# Jake loves Christmas



## dmgalley (Aug 19, 2012)

So hubby and I wrapped all the gifts tonight and Jake loved it. He especially loved the gifts we bought my son Joe. 
Joe wanted a guinea pig so we bought him the cage, hay and food. (The pig comes later) Well Jake decided he loves the food. I can't keep him away from it. Every time I turn around he is trying to open. 

Sent from Petguide.com Free App


----------



## dio.ren (Jan 18, 2013)

Too funny! Wow lots of gifts Jake is so cute guess his sniffer works well


----------



## JasperBlack (Sep 1, 2012)

Jasper discovered his presents yesterday, only thing is they are with my daughters Christmas stocking fillers! He could be the perfect partner in crime if she was ever on a present hunt! 


Sent from my iPhone using Tapatalk - now Free


----------



## RuthMill (Jun 30, 2012)

Aww Jake! Not long now mate xx


----------



## Marzi (Sep 17, 2012)

Lovely Jake - now I wonder how he'll react to the guinea pig.... I wonder if the pig is bigger than Ozzie? 
Now I want to steal them both 
I love guinea pigs


----------



## Grove (Oct 17, 2012)

I love guinea pigs too!


----------



## fairlie (Sep 7, 2013)

I have a soft spot for guinea pigs too. We had two females as kids, my brother named them after trains. As is usual in those situations either Minirail or Maxirail turned out to be a boy and then we had five! I love the shrill weeet weeet weeet when they are brought food.


----------



## Grove (Oct 17, 2012)

Ours understood the word 'tea' and their favourite food was parsley. I miss them!


----------



## fairlie (Sep 7, 2013)

We had a movable outdoor pen so they could eat grass, which had no top until the neighbours poodle got one!


----------



## dmgalley (Aug 19, 2012)

Grove said:


> I love guinea pigs too!


We have never had one. I hope I love it.

Sent from Petguide.com Free App


----------



## fairlie (Sep 7, 2013)

They are an excellent way to teach a child responsibility and diligence. If they are treated well, given treats, played with often and fed and cleaned regularly all will be wonderful. Come to think of it they are a bit like having a very small dog.


----------



## dmgalley (Aug 19, 2012)

fairlie said:


> They are an excellent way to teach a child responsibility and diligence. If they are treated well, given treats, played with often and fed and cleaned regularly all will be wonderful. Come to think of it they are a bit like having a very small dog.

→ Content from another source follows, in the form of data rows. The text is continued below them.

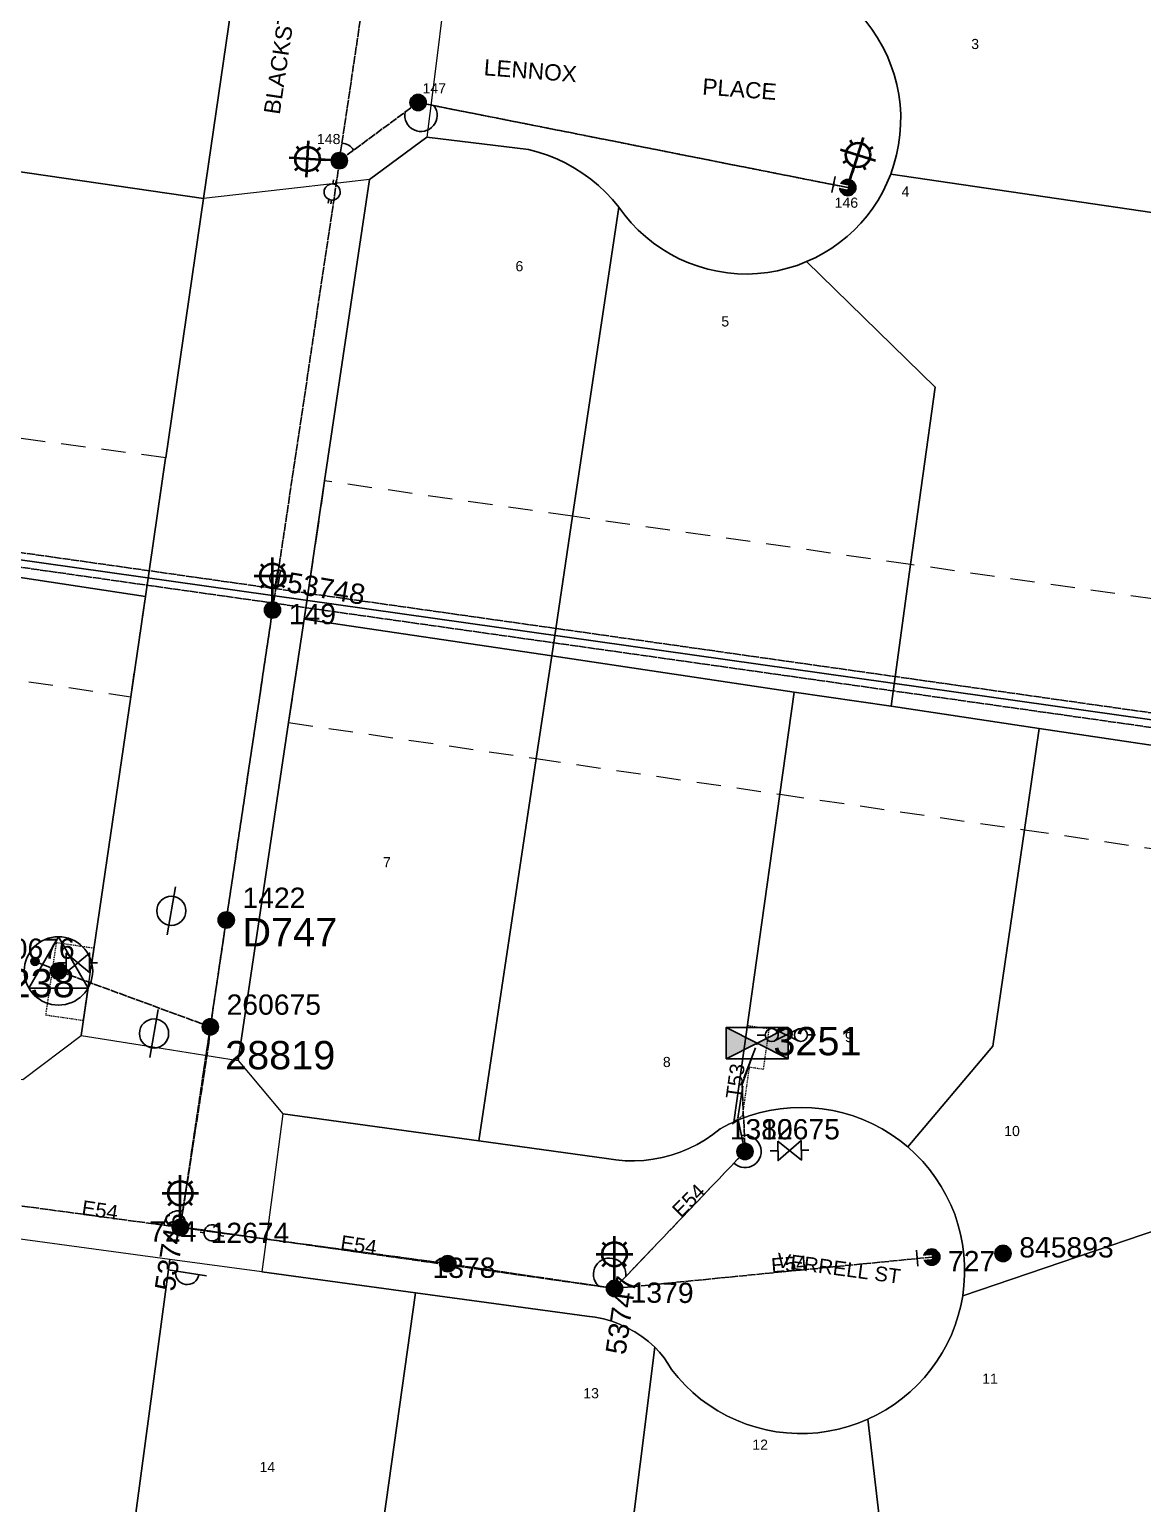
# Model space of a CAD drawing. Header units: metres. Extents: x 306724 to 308705, y 6252900 to 6254147.
# Drawn here: x 307653.6 to 307790.9, y 6253195.4 to 6253377.4 of the extents above; entities that cross this region are included whole.
import ezdxf
from ezdxf.enums import TextEntityAlignment as Align

# ---------------------------------------------------------------- set-up
doc = ezdxf.new("R2010")
doc.units = ezdxf.units.M
for name, pattern in [('Cable Exist OH', [1, 1, 0]), ('Cable Exist UG', [8.2, 4, -1.2, 1.8, -1.2]), ('Dash', [5, 3, -2]), ('HIDDEN', [0.375, 0.25, -0.125]), ('HIDDEN2', [0.1875, 0.125, -0.0625])]:
    doc.linetypes.add(name, pattern=pattern)
doc.layers.get('0').update_dxf_attribs({"color": 6})
for name, color, linetype in [('_User Miscellaneous1', 7, 'Continuous'), ('Equip_HV_EXT', 7, 'Continuous'), ('Equip_LV_EXT', 7, 'Continuous'), ('Equip_SP_HV_EXT', 7, 'Continuous'), ('Equip_SP_LV_EXT', 7, 'Continuous'), ('Equip_SP_SL_EXT', 7, 'Continuous'), ('Mains_HV_EXT', 7, 'Continuous'), ('Mains_LV_EXT', 7, 'Continuous'), ('Mains_SL_EXT', 7, 'Continuous'), ('Mains_TR_EXT', 7, 'Continuous'), ('Sub_SP_EXT', 7, 'Continuous'), ('Sub_SP_TR_HV_LV_EXT', 7, 'Continuous'), ('SupportsOH_SP_TR_HV_LV_SL_EXT', 7, 'Continuous')]:
    doc.layers.add(name, color=color, linetype=linetype)
for name, color, linetype, lineweight in [('Cadastre Easements_SP_EXT', 9, 'Continuous', 5), ('Cadastre Land Parcels_SP_EXT', 9, 'Continuous', 5), ('Cadastre Other Property_SP_EXT', 9, 'HIDDEN', 5), ('Cadastre Roads_SP_EXT', 9, 'Continuous', 5)]:
    doc.layers.add(name, color=color, linetype=linetype, lineweight=lineweight)
doc.styles.add('HVSW_LABEL', font='arial.ttf')
doc.styles.add('iecARIAL', font='arial.ttf', dxfattribs={"height": 2})
doc.styles.add('POLE_LABEL', font='arial.ttf')
doc.styles.get("Standard").update_dxf_attribs({"font": 'arial.ttf'})
doc.linetypes.add('Cable E OH', pattern='A,9.4,["E",Standard,S=1.7,R=0,X=0,Y=-1],0', length=9.4)
doc.linetypes.add('Cable P UG', pattern='A,6,-0.5,["P",Standard,S=1.7,R=0,X=0.5,Y=-1],-2.9', length=9.4)

# ---------------------------------------------------------------- blocks, each defined once
blk = doc.blocks.new('SUB_PADMOUNT_EXT')
for points in [[(0, 0), (-3.84, 1.92), (-3.84, -1.92)], [(0, 0), (3.84, 1.92), (3.84, -1.92)]]:
    blk.add_hatch(color=256).paths.add_polyline_path(points)
for p, q in [((3.84, 1.92), (-3.84, -1.92)), ((-3.84, 1.92), (3.84, -1.92))]:
    blk.add_line(p, q)
blk.add_lwpolyline([(-3.84, -1.92), (3.84, -1.92), (3.84, 1.92), (-3.84, 1.92)], close=True)
for tag, height, flags, p in [('ASSET_NUM', 3.5, 8, (2, 2)), ('STREET_CODE', 0.2, 9, (1.5, 0)), ('CONSTRUCTED_VOLTAGE', 0.2, 9, (1.5, -0.2)), ('OPERATING_VOLTAGE', 0.2, 9, (1.5, -0.6)), ('ORIENTATION', 0.2, 9, (1.5, -0.8)), ('OWNED_BY', 0.2, 9, (1.5, -1)), ('OPERATED_BY', 0.2, 9, (1.5, -1.2)), ('SECONDARY_VOLTAGE', 0.2, 9, (1.5, -1.6)), ('STATE', 0.2, 9, (1.5, -1.8)), ('NO_PHASES', 0.2, 9, (1.5, -0.4)), ('MAINTAINED_BY', 0.2, 9, (1.5, -1.4)), ('SUBSTATION_TYPE', 0.2, 9, (1.5, -2.2)), ('STREETNAME', 0.2, 9, (1.5, -3)), ('SUBURB', 0.2, 9, (1.5, -3.2)), ('Z', 0.2, 1, (1.5, -3.6)), ('PARENT', 0.2, 9, (1.5, -2)), ('USAGE', 0.2, 9, (1.5, -2.4)), ('LEGEND', 0.2, 9, (1.5, -2.6)), ('LOCATION', 0.2, 9, (1.5, -2.8)), ('NOTES', 0.2, 9, (1.5, -3.4))]:
    blk.add_attdef(tag, text='', height=height, dxfattribs=dict(flags=flags)).set_placement(p, align=Align.MIDDLE_LEFT)
blk = doc.blocks.new('SUB_POLE_EXT')
blk.add_wipeout([(0, 4.22), (0.42, 4.2), (0.83, 4.14), (1.21, 4.05), (1.62, 3.9), (1.99, 3.72), (2.35, 3.51), (2.68, 3.26), (2.99, 2.99), (3.28, 2.66), (3.52, 2.34), (3.76, 1.92), (3.9, 1.62), (4.04, 1.23), (4.18, 0.63), (4.22, 0), (4.18, -0.61), (4.06, -1.15), (3.9, -1.62), (3.58, -2.24), (3.22, -2.73), (2.97, -3.01), (2.68, -3.26), (2.36, -3.5), (2, -3.72), (1.64, -3.89), (1.25, -4.03), (0.82, -4.14), (0.42, -4.2), (0, -4.22), (-0.41, -4.2), (-0.8, -4.15), (-1.21, -4.05), (-1.62, -3.9), (-1.99, -3.73), (-2.35, -3.51), (-2.68, -3.26), (-2.96, -3.02), (-3.23, -2.72), (-3.51, -2.35), (-3.71, -2.01), (-3.91, -1.6), (-4.05, -1.21), (-4.16, -0.76), (-4.22, -0.14), (-4.21, 0.39), (-4.14, 0.83), (-4.03, 1.27), (-3.9, 1.63), (-3.71, 2.02), (-3.5, 2.37), (-3.28, 2.67), (-2.99, 2.99), (-2.68, 3.27), (-2.33, 3.52), (-1.98, 3.73), (-1.63, 3.9), (-1.2, 4.05), (-0.78, 4.15), (-0.4, 4.21)])
blk.add_line((2.16, 0.48), (2.16, 0.48, 0))
blk.add_lwpolyline([(-4.22, 0, 1), (4.22, 0, 1)], format="xyb", close=True)
blk.add_lwpolyline([(2.14, 0.52), (0, 4.22), (-3.66, -2.11), (3.66, -2.11)], close=True)
for tag, height, flags, p in [('ASSET_NUM', 3.5, 8, (2, 2)), ('STREET_CODE', 0.2, 9, (1.5, 0)), ('CONSTRUCTED_VOLTAGE', 0.2, 9, (1.5, -0.2)), ('OPERATING_VOLTAGE', 0.2, 9, (1.5, -0.6)), ('OPERATED_BY', 0.2, 9, (1.5, -0.8)), ('ORIENTATION', 0.2, 9, (1.5, -1.2)), ('OWNED_BY', 0.2, 9, (1.5, -1.4)), ('SECONDARY_VOLTAGE', 0.2, 9, (1.5, -1.6)), ('STATE', 0.2, 9, (1.5, -1.8)), ('NO_PHASES', 0.2, 9, (1.5, -0.4)), ('MAINTAINED_BY', 0.2, 9, (1.5, -1)), ('SUBSTATION_TYPE', 0.2, 9, (1.5, -2)), ('STREETNAME', 0.2, 9, (1.5, -2.8)), ('SUBURB', 0.2, 9, (1.5, -3)), ('Z', 0.2, 1, (1.5, -3.4)), ('USAGE', 0.2, 9, (1.5, -2.2)), ('LEGEND', 0.2, 9, (1.5, -2.4)), ('LOCATION', 0.2, 9, (1.5, -2.6)), ('NOTES', 0.2, 9, (1.5, -3.2))]:
    blk.add_attdef(tag, text='', height=height, dxfattribs=dict(flags=flags)).set_placement(p, align=Align.MIDDLE_LEFT)
blk = doc.blocks.new('LV_OH_LINKS_OPEN_EXT')
for p, q in [((-0.17, 4.97), (-0.17, 5.46)), ((0.17, 4.97), (0.17, 5.46)), ((-0.17, 3), (-0.17, 2.5)), ((0.17, 3), (0.17, 2.5))]:
    blk.add_line(p, q)
blk.add_lwpolyline([(0, 2.99, 1), (0, 4.98, 1)], format="xyb", close=True)
at = {"flags": 9}
for tag, p in [('ACTUAL_STATUS', (0, 0)), ('CONSTRUCTED_VOLTAGE', (0, -0.2)), ('OPERATING_VOLTAGE', (0, -0.6)), ('ORIENTATION', (0, -0.8)), ('OWNED_BY', (0, -1)), ('STATE', (0, -1.2)), ('SWITCH_TYPE', (0, -1.4)), ('NO_PHASES', (0, -0.4)), ('USAGE', (0, -1.6)), ('LEGEND', (0, -1.8)), ('NOTES', (0, -2))]:
    blk.add_attdef(tag, text='', height=0.2, dxfattribs=at).set_placement(p, align=Align.MIDDLE_LEFT)
at = {"flags": 1}
blk.add_attdef('Z', (0, 0), '', height=0.2, dxfattribs=at)
blk = doc.blocks.new('LV_OH_LINKS_CLOSED_EXT')
for p, q in [((-0.17, 4.97), (-0.17, 3)), ((0.17, 4.97), (0.17, 3))]:
    blk.add_line(p, q)
blk.add_lwpolyline([(0, 2.99, 1), (0, 4.98, 1)], format="xyb", close=True)
at = {"flags": 9}
for tag, p in [('ACTUAL_STATUS', (0, 0)), ('CONSTRUCTED_VOLTAGE', (0, -0.2)), ('OPERATING_VOLTAGE', (0, -0.6)), ('ORIENTATION', (0, -0.8)), ('OWNED_BY', (0, -1)), ('STATE', (0, -1.2)), ('SWITCH_TYPE', (0, -1.4)), ('NO_PHASES', (0, -0.4)), ('USAGE', (0, -1.6)), ('NOTES', (0, -1.8))]:
    blk.add_attdef(tag, text='', height=0.2, dxfattribs=at).set_placement(p, align=Align.MIDDLE_LEFT)
at = {"flags": 1}
blk.add_attdef('Z', (0, 0), '', height=0.2, dxfattribs=at)
blk = doc.blocks.new('LV_OH_LINKS_DISTFUSE_EXT')
for p, q in [((0, 0), (0.96, 0)), ((3.84, 0), (4.8, 0))]:
    blk.add_line(p, q)
blk.add_lwpolyline([(3.84, -1.2), (3.84, 1.2), (0.96, -1.2), (0.96, 1.2)], close=True)
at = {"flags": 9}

Well this child is 20 so let's hope he learns all that and more!!!! 

Sent from Petguide.com Free App


----------



## fairlie (Sep 7, 2013)

If it works let me know! My twenty one year old son still needs work in that department!


----------



## Grove (Oct 17, 2012)

fairlie said:


> We had a movable outdoor pen so they could eat grass, which had no top until the neighbours poodle got one!


Did it survive?!

We had an outdoor pen too but luckily with a lid (lots of neighbourhood cats). we had cardboard tubes and upside down shoeboxes with a door cut out the side and they would run round and round in circuits and 'popcorn' when they were happy. In the winter they would free range around the dining area in the evenings and were even toilet trained to go in a litter box when they were there, out of the cage. 

If you handle them lots they are very cuddly and 'purr' when they are stroked  they will fall asleep on you like a little puppy.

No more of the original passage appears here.